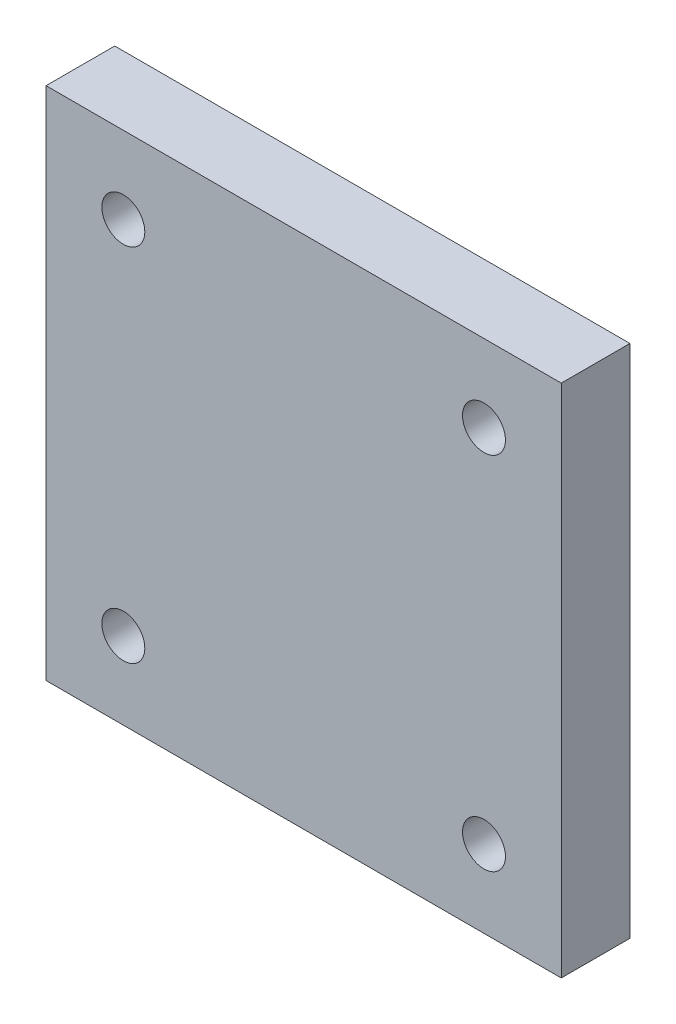
ISO-10303-21;
HEADER;
FILE_DESCRIPTION(('STEP AP214'),'2;1');
FILE_NAME('part.step','',(''),(''),'','','');
FILE_SCHEMA(('AUTOMOTIVE_DESIGN { 1 0 10303 214 1 1 1 1 }'));
ENDSEC;
DATA;
#1=APPLICATION_CONTEXT('core data for automotive mechanical design processes');
#2=APPLICATION_PROTOCOL_DEFINITION('international standard','automotive_design',2000,#1);
#3=PRODUCT_CONTEXT('',#1,'mechanical');
#4=PRODUCT('Part','Part','',(#3));
#5=PRODUCT_RELATED_PRODUCT_CATEGORY('part','',(#4));
#6=PRODUCT_DEFINITION_FORMATION('','',#4);
#7=PRODUCT_DEFINITION_CONTEXT('part definition',#1,'design');
#8=PRODUCT_DEFINITION('design','',#6,#7);
#9=PRODUCT_DEFINITION_SHAPE('','',#8);
#10=(LENGTH_UNIT() NAMED_UNIT(*) SI_UNIT(.MILLI.,.METRE.));
#11=(NAMED_UNIT(*) PLANE_ANGLE_UNIT() SI_UNIT($,.RADIAN.));
#12=(NAMED_UNIT(*) SI_UNIT($,.STERADIAN.) SOLID_ANGLE_UNIT());
#13=UNCERTAINTY_MEASURE_WITH_UNIT(LENGTH_MEASURE(1.E-05),#10,'distance_accuracy_value','');
#14=(GEOMETRIC_REPRESENTATION_CONTEXT(3) GLOBAL_UNCERTAINTY_ASSIGNED_CONTEXT((#13)) GLOBAL_UNIT_ASSIGNED_CONTEXT((#10,
#11,#12)) REPRESENTATION_CONTEXT('',''));
#15=CARTESIAN_POINT('',(0.,0.,0.));
#16=DIRECTION('',(0.,0.,1.));
#17=DIRECTION('',(1.,0.,0.));
#18=AXIS2_PLACEMENT_3D('',#15,#16,#17);
#19=CARTESIAN_POINT('',(-10.,300.,8.));
#20=DIRECTION('',(-1.,0.,0.));
#21=DIRECTION('',(0.,-1.,0.));
#22=AXIS2_PLACEMENT_3D('',#19,#20,#21);
#23=PLANE('',#22);
#24=DIRECTION('',(0.,1.,0.));
#25=VECTOR('',#24,1.);
#26=CARTESIAN_POINT('',(-10.,300.,0.));
#27=LINE('',#26,#25);
#28=CARTESIAN_POINT('',(-10.,300.,0.));
#29=VERTEX_POINT('',#28);
#30=CARTESIAN_POINT('',(-10.0000000000001,360.,0.));
#31=VERTEX_POINT('',#30);
#32=EDGE_CURVE('E98',#29,#31,#27,.T.);
#33=ORIENTED_EDGE('',*,*,#32,.T.);
#34=DIRECTION('',(0.,0.,-1.));
#35=VECTOR('',#34,1.);
#36=CARTESIAN_POINT('',(-10.0000000000001,360.,8.));
#37=LINE('',#36,#35);
#38=CARTESIAN_POINT('',(-10.0000000000001,360.,8.));
#39=VERTEX_POINT('',#38);
#40=EDGE_CURVE('E11',#39,#31,#37,.T.);
#41=ORIENTED_EDGE('',*,*,#40,.F.);
#42=DIRECTION('',(0.,1.,0.));
#43=VECTOR('',#42,1.);
#44=CARTESIAN_POINT('',(-10.,300.,8.));
#45=LINE('',#44,#43);
#46=CARTESIAN_POINT('',(-10.,300.,8.));
#47=VERTEX_POINT('',#46);
#48=EDGE_CURVE('E86',#47,#39,#45,.T.);
#49=ORIENTED_EDGE('',*,*,#48,.F.);
#50=DIRECTION('',(0.,0.,-1.));
#51=VECTOR('',#50,1.);
#52=CARTESIAN_POINT('',(-10.,300.,8.));
#53=LINE('',#52,#51);
#54=EDGE_CURVE('E94',#47,#29,#53,.T.);
#55=ORIENTED_EDGE('',*,*,#54,.T.);
#56=EDGE_LOOP('',(#33,#41,#49,#55));
#57=FACE_BOUND('',#56,.T.);
#58=ADVANCED_FACE('F35',(#57),#23,.F.);
#59=CARTESIAN_POINT('',(-70.,360.,8.));
#60=DIRECTION('',(0.,-1.,0.));
#61=DIRECTION('',(0.,0.,-1.));
#62=AXIS2_PLACEMENT_3D('',#59,#60,#61);
#63=PLANE('',#62);
#64=DIRECTION('',(-1.,0.,0.));
#65=VECTOR('',#64,1.);
#66=CARTESIAN_POINT('',(-70.,360.,0.));
#67=LINE('',#66,#65);
#68=CARTESIAN_POINT('',(-70.,360.,0.));
#69=VERTEX_POINT('',#68);
#70=EDGE_CURVE('E90',#31,#69,#67,.T.);
#71=ORIENTED_EDGE('',*,*,#70,.T.);
#72=DIRECTION('',(0.,0.,-1.));
#73=VECTOR('',#72,1.);
#74=CARTESIAN_POINT('',(-70.,360.,8.));
#75=LINE('',#74,#73);
#76=CARTESIAN_POINT('',(-70.,360.,8.));
#77=VERTEX_POINT('',#76);
#78=EDGE_CURVE('E43',#77,#69,#75,.T.);
#79=ORIENTED_EDGE('',*,*,#78,.F.);
#80=DIRECTION('',(-1.,0.,0.));
#81=VECTOR('',#80,1.);
#82=CARTESIAN_POINT('',(-70.,360.,8.));
#83=LINE('',#82,#81);
#84=EDGE_CURVE('E81',#39,#77,#83,.T.);
#85=ORIENTED_EDGE('',*,*,#84,.F.);
#86=ORIENTED_EDGE('',*,*,#40,.T.);
#87=EDGE_LOOP('',(#71,#79,#85,#86));
#88=FACE_BOUND('',#87,.T.);
#89=ADVANCED_FACE('F89',(#88),#63,.F.);
#90=CARTESIAN_POINT('',(-70.,300.,8.));
#91=DIRECTION('',(1.,0.,0.));
#92=DIRECTION('',(0.,0.,-1.));
#93=AXIS2_PLACEMENT_3D('',#90,#91,#92);
#94=PLANE('',#93);
#95=DIRECTION('',(0.,-1.,0.));
#96=VECTOR('',#95,1.);
#97=CARTESIAN_POINT('',(-70.,300.,0.));
#98=LINE('',#97,#96);
#99=CARTESIAN_POINT('',(-70.,300.,0.));
#100=VERTEX_POINT('',#99);
#101=EDGE_CURVE('E68',#69,#100,#98,.T.);
#102=ORIENTED_EDGE('',*,*,#101,.T.);
#103=DIRECTION('',(0.,0.,-1.));
#104=VECTOR('',#103,1.);
#105=CARTESIAN_POINT('',(-70.,300.,8.));
#106=LINE('',#105,#104);
#107=CARTESIAN_POINT('',(-70.,300.,8.));
#108=VERTEX_POINT('',#107);
#109=EDGE_CURVE('E91',#108,#100,#106,.T.);
#110=ORIENTED_EDGE('',*,*,#109,.F.);
#111=DIRECTION('',(0.,-1.,0.));
#112=VECTOR('',#111,1.);
#113=CARTESIAN_POINT('',(-70.,300.,8.));
#114=LINE('',#113,#112);
#115=EDGE_CURVE('E84',#77,#108,#114,.T.);
#116=ORIENTED_EDGE('',*,*,#115,.F.);
#117=ORIENTED_EDGE('',*,*,#78,.T.);
#118=EDGE_LOOP('',(#102,#110,#116,#117));
#119=FACE_BOUND('',#118,.T.);
#120=ADVANCED_FACE('F92',(#119),#94,.F.);
#121=CARTESIAN_POINT('',(-70.,300.,8.));
#122=DIRECTION('',(0.,1.,0.));
#123=DIRECTION('',(0.,0.,1.));
#124=AXIS2_PLACEMENT_3D('',#121,#122,#123);
#125=PLANE('',#124);
#126=DIRECTION('',(1.,0.,0.));
#127=VECTOR('',#126,1.);
#128=CARTESIAN_POINT('',(-70.,300.,0.));
#129=LINE('',#128,#127);
#130=EDGE_CURVE('E74',#100,#29,#129,.T.);
#131=ORIENTED_EDGE('',*,*,#130,.T.);
#132=ORIENTED_EDGE('',*,*,#54,.F.);
#133=DIRECTION('',(1.,0.,0.));
#134=VECTOR('',#133,1.);
#135=CARTESIAN_POINT('',(-70.,300.,8.));
#136=LINE('',#135,#134);
#137=EDGE_CURVE('E51',#108,#47,#136,.T.);
#138=ORIENTED_EDGE('',*,*,#137,.F.);
#139=ORIENTED_EDGE('',*,*,#109,.T.);
#140=EDGE_LOOP('',(#131,#132,#138,#139));
#141=FACE_BOUND('',#140,.T.);
#142=ADVANCED_FACE('F106',(#141),#125,.F.);
#143=CARTESIAN_POINT('',(0.,0.,8.));
#144=DIRECTION('',(0.,0.,-1.));
#145=DIRECTION('',(-1.,0.,0.));
#146=AXIS2_PLACEMENT_3D('',#143,#144,#145);
#147=PLANE('',#146);
#148=CARTESIAN_POINT('',(-19.,351.,8.));
#149=DIRECTION('',(0.,0.,1.));
#150=DIRECTION('',(1.,0.,0.));
#151=AXIS2_PLACEMENT_3D('',#148,#149,#150);
#152=CIRCLE('',#151,2.49999999999999);
#153=CARTESIAN_POINT('',(-16.5000000000001,351.,8.));
#154=VERTEX_POINT('',#153);
#155=EDGE_CURVE('E132',#154,#154,#152,.T.);
#156=ORIENTED_EDGE('',*,*,#155,.F.);
#157=EDGE_LOOP('',(#156));
#158=FACE_BOUND('',#157,.T.);
#159=CARTESIAN_POINT('',(-61.,351.,8.));
#160=DIRECTION('',(0.,0.,1.));
#161=DIRECTION('',(1.,0.,0.));
#162=AXIS2_PLACEMENT_3D('',#159,#160,#161);
#163=CIRCLE('',#162,2.49999999999999);
#164=CARTESIAN_POINT('',(-58.5000000000001,351.,8.));
#165=VERTEX_POINT('',#164);
#166=EDGE_CURVE('E126',#165,#165,#163,.T.);
#167=ORIENTED_EDGE('',*,*,#166,.F.);
#168=EDGE_LOOP('',(#167));
#169=FACE_BOUND('',#168,.T.);
#170=CARTESIAN_POINT('',(-61.,309.,8.));
#171=DIRECTION('',(0.,0.,1.));
#172=DIRECTION('',(1.,0.,0.));
#173=AXIS2_PLACEMENT_3D('',#170,#171,#172);
#174=CIRCLE('',#173,2.49999999999999);
#175=CARTESIAN_POINT('',(-58.5,309.,8.));
#176=VERTEX_POINT('',#175);
#177=EDGE_CURVE('E120',#176,#176,#174,.T.);
#178=ORIENTED_EDGE('',*,*,#177,.F.);
#179=EDGE_LOOP('',(#178));
#180=FACE_BOUND('',#179,.T.);
#181=CARTESIAN_POINT('',(-19.,309.,8.));
#182=DIRECTION('',(0.,0.,1.));
#183=DIRECTION('',(1.,0.,0.));
#184=AXIS2_PLACEMENT_3D('',#181,#182,#183);
#185=CIRCLE('',#184,2.49999999999999);
#186=CARTESIAN_POINT('',(-16.5000000000001,309.,8.));
#187=VERTEX_POINT('',#186);
#188=EDGE_CURVE('E114',#187,#187,#185,.T.);
#189=ORIENTED_EDGE('',*,*,#188,.F.);
#190=EDGE_LOOP('',(#189));
#191=FACE_BOUND('',#190,.T.);
#192=ORIENTED_EDGE('',*,*,#48,.T.);
#193=ORIENTED_EDGE('',*,*,#84,.T.);
#194=ORIENTED_EDGE('',*,*,#115,.T.);
#195=ORIENTED_EDGE('',*,*,#137,.T.);
#196=EDGE_LOOP('',(#192,#193,#194,#195));
#197=FACE_BOUND('',#196,.T.);
#198=ADVANCED_FACE('F82',(#158,#169,#180,#191,#197),#147,.F.);
#199=CARTESIAN_POINT('',(0.,0.,0.));
#200=DIRECTION('',(0.,0.,-1.));
#201=DIRECTION('',(-1.,0.,0.));
#202=AXIS2_PLACEMENT_3D('',#199,#200,#201);
#203=PLANE('',#202);
#204=CARTESIAN_POINT('',(-19.,351.,0.));
#205=DIRECTION('',(0.,0.,1.));
#206=DIRECTION('',(1.,0.,0.));
#207=AXIS2_PLACEMENT_3D('',#204,#205,#206);
#208=CIRCLE('',#207,2.5);
#209=CARTESIAN_POINT('',(-16.5,351.,0.));
#210=VERTEX_POINT('',#209);
#211=EDGE_CURVE('E129',#210,#210,#208,.T.);
#212=ORIENTED_EDGE('',*,*,#211,.T.);
#213=EDGE_LOOP('',(#212));
#214=FACE_BOUND('',#213,.T.);
#215=CARTESIAN_POINT('',(-61.,351.,0.));
#216=DIRECTION('',(0.,0.,1.));
#217=DIRECTION('',(1.,0.,0.));
#218=AXIS2_PLACEMENT_3D('',#215,#216,#217);
#219=CIRCLE('',#218,2.5);
#220=CARTESIAN_POINT('',(-58.5,351.,0.));
#221=VERTEX_POINT('',#220);
#222=EDGE_CURVE('E123',#221,#221,#219,.T.);
#223=ORIENTED_EDGE('',*,*,#222,.T.);
#224=EDGE_LOOP('',(#223));
#225=FACE_BOUND('',#224,.T.);
#226=CARTESIAN_POINT('',(-61.,309.,0.));
#227=DIRECTION('',(0.,0.,1.));
#228=DIRECTION('',(1.,0.,0.));
#229=AXIS2_PLACEMENT_3D('',#226,#227,#228);
#230=CIRCLE('',#229,2.5);
#231=CARTESIAN_POINT('',(-58.5,309.,0.));
#232=VERTEX_POINT('',#231);
#233=EDGE_CURVE('E117',#232,#232,#230,.T.);
#234=ORIENTED_EDGE('',*,*,#233,.T.);
#235=EDGE_LOOP('',(#234));
#236=FACE_BOUND('',#235,.T.);
#237=CARTESIAN_POINT('',(-19.,309.,0.));
#238=DIRECTION('',(0.,0.,1.));
#239=DIRECTION('',(1.,0.,0.));
#240=AXIS2_PLACEMENT_3D('',#237,#238,#239);
#241=CIRCLE('',#240,2.5);
#242=CARTESIAN_POINT('',(-16.5,309.,0.));
#243=VERTEX_POINT('',#242);
#244=EDGE_CURVE('E101',#243,#243,#241,.T.);
#245=ORIENTED_EDGE('',*,*,#244,.T.);
#246=EDGE_LOOP('',(#245));
#247=FACE_BOUND('',#246,.T.);
#248=ORIENTED_EDGE('',*,*,#32,.F.);
#249=ORIENTED_EDGE('',*,*,#130,.F.);
#250=ORIENTED_EDGE('',*,*,#101,.F.);
#251=ORIENTED_EDGE('',*,*,#70,.F.);
#252=EDGE_LOOP('',(#248,#249,#250,#251));
#253=FACE_BOUND('',#252,.T.);
#254=ADVANCED_FACE('F109',(#214,#225,#236,#247,#253),#203,.T.);
#255=CARTESIAN_POINT('',(-19.,309.,8.));
#256=DIRECTION('',(0.,0.,1.));
#257=DIRECTION('',(1.,0.,0.));
#258=AXIS2_PLACEMENT_3D('',#255,#256,#257);
#259=CYLINDRICAL_SURFACE('',#258,2.49999999999999);
#260=ORIENTED_EDGE('',*,*,#244,.F.);
#261=EDGE_LOOP('',(#260));
#262=FACE_BOUND('',#261,.T.);
#263=ORIENTED_EDGE('',*,*,#188,.T.);
#264=EDGE_LOOP('',(#263));
#265=FACE_BOUND('',#264,.T.);
#266=ADVANCED_FACE('F147',(#262,#265),#259,.F.);
#267=CARTESIAN_POINT('',(-61.,309.,8.));
#268=DIRECTION('',(0.,0.,1.));
#269=DIRECTION('',(1.,0.,0.));
#270=AXIS2_PLACEMENT_3D('',#267,#268,#269);
#271=CYLINDRICAL_SURFACE('',#270,2.49999999999999);
#272=ORIENTED_EDGE('',*,*,#233,.F.);
#273=EDGE_LOOP('',(#272));
#274=FACE_BOUND('',#273,.T.);
#275=ORIENTED_EDGE('',*,*,#177,.T.);
#276=EDGE_LOOP('',(#275));
#277=FACE_BOUND('',#276,.T.);
#278=ADVANCED_FACE('F149',(#274,#277),#271,.F.);
#279=CARTESIAN_POINT('',(-61.,351.,8.));
#280=DIRECTION('',(0.,0.,1.));
#281=DIRECTION('',(1.,0.,0.));
#282=AXIS2_PLACEMENT_3D('',#279,#280,#281);
#283=CYLINDRICAL_SURFACE('',#282,2.49999999999999);
#284=ORIENTED_EDGE('',*,*,#222,.F.);
#285=EDGE_LOOP('',(#284));
#286=FACE_BOUND('',#285,.T.);
#287=ORIENTED_EDGE('',*,*,#166,.T.);
#288=EDGE_LOOP('',(#287));
#289=FACE_BOUND('',#288,.T.);
#290=ADVANCED_FACE('F156',(#286,#289),#283,.F.);
#291=CARTESIAN_POINT('',(-19.,351.,8.));
#292=DIRECTION('',(0.,0.,1.));
#293=DIRECTION('',(1.,0.,0.));
#294=AXIS2_PLACEMENT_3D('',#291,#292,#293);
#295=CYLINDRICAL_SURFACE('',#294,2.49999999999999);
#296=ORIENTED_EDGE('',*,*,#211,.F.);
#297=EDGE_LOOP('',(#296));
#298=FACE_BOUND('',#297,.T.);
#299=ORIENTED_EDGE('',*,*,#155,.T.);
#300=EDGE_LOOP('',(#299));
#301=FACE_BOUND('',#300,.T.);
#302=ADVANCED_FACE('F136',(#298,#301),#295,.F.);
#303=CLOSED_SHELL('',(#58,#89,#120,#142,#198,#254,#266,#278,#290,#302));
#304=MANIFOLD_SOLID_BREP('B2',#303);
#305=ADVANCED_BREP_SHAPE_REPRESENTATION('',(#18,#304),#14);
#306=SHAPE_DEFINITION_REPRESENTATION(#9,#305);
ENDSEC;
END-ISO-10303-21;

##############################

■ Problem details
Given the records above, restate word for word only the lines starting at the one with "#202=AXIS2_PLACEMENT_3D('',#199,#200,#201);" and ending at the one with "#244=EDGE_CURVE('E101',#243,#243,#241,.T.);".

■ Answer
#202=AXIS2_PLACEMENT_3D('',#199,#200,#201);
#203=PLANE('',#202);
#204=CARTESIAN_POINT('',(-19.,351.,0.));
#205=DIRECTION('',(0.,0.,1.));
#206=DIRECTION('',(1.,0.,0.));
#207=AXIS2_PLACEMENT_3D('',#204,#205,#206);
#208=CIRCLE('',#207,2.5);
#209=CARTESIAN_POINT('',(-16.5,351.,0.));
#210=VERTEX_POINT('',#209);
#211=EDGE_CURVE('E129',#210,#210,#208,.T.);
#212=ORIENTED_EDGE('',*,*,#211,.T.);
#213=EDGE_LOOP('',(#212));
#214=FACE_BOUND('',#213,.T.);
#215=CARTESIAN_POINT('',(-61.,351.,0.));
#216=DIRECTION('',(0.,0.,1.));
#217=DIRECTION('',(1.,0.,0.));
#218=AXIS2_PLACEMENT_3D('',#215,#216,#217);
#219=CIRCLE('',#218,2.5);
#220=CARTESIAN_POINT('',(-58.5,351.,0.));
#221=VERTEX_POINT('',#220);
#222=EDGE_CURVE('E123',#221,#221,#219,.T.);
#223=ORIENTED_EDGE('',*,*,#222,.T.);
#224=EDGE_LOOP('',(#223));
#225=FACE_BOUND('',#224,.T.);
#226=CARTESIAN_POINT('',(-61.,309.,0.));
#227=DIRECTION('',(0.,0.,1.));
#228=DIRECTION('',(1.,0.,0.));
#229=AXIS2_PLACEMENT_3D('',#226,#227,#228);
#230=CIRCLE('',#229,2.5);
#231=CARTESIAN_POINT('',(-58.5,309.,0.));
#232=VERTEX_POINT('',#231);
#233=EDGE_CURVE('E117',#232,#232,#230,.T.);
#234=ORIENTED_EDGE('',*,*,#233,.T.);
#235=EDGE_LOOP('',(#234));
#236=FACE_BOUND('',#235,.T.);
#237=CARTESIAN_POINT('',(-19.,309.,0.));
#238=DIRECTION('',(0.,0.,1.));
#239=DIRECTION('',(1.,0.,0.));
#240=AXIS2_PLACEMENT_3D('',#237,#238,#239);
#241=CIRCLE('',#240,2.5);
#242=CARTESIAN_POINT('',(-16.5,309.,0.));
#243=VERTEX_POINT('',#242);
#244=EDGE_CURVE('E101',#243,#243,#241,.T.);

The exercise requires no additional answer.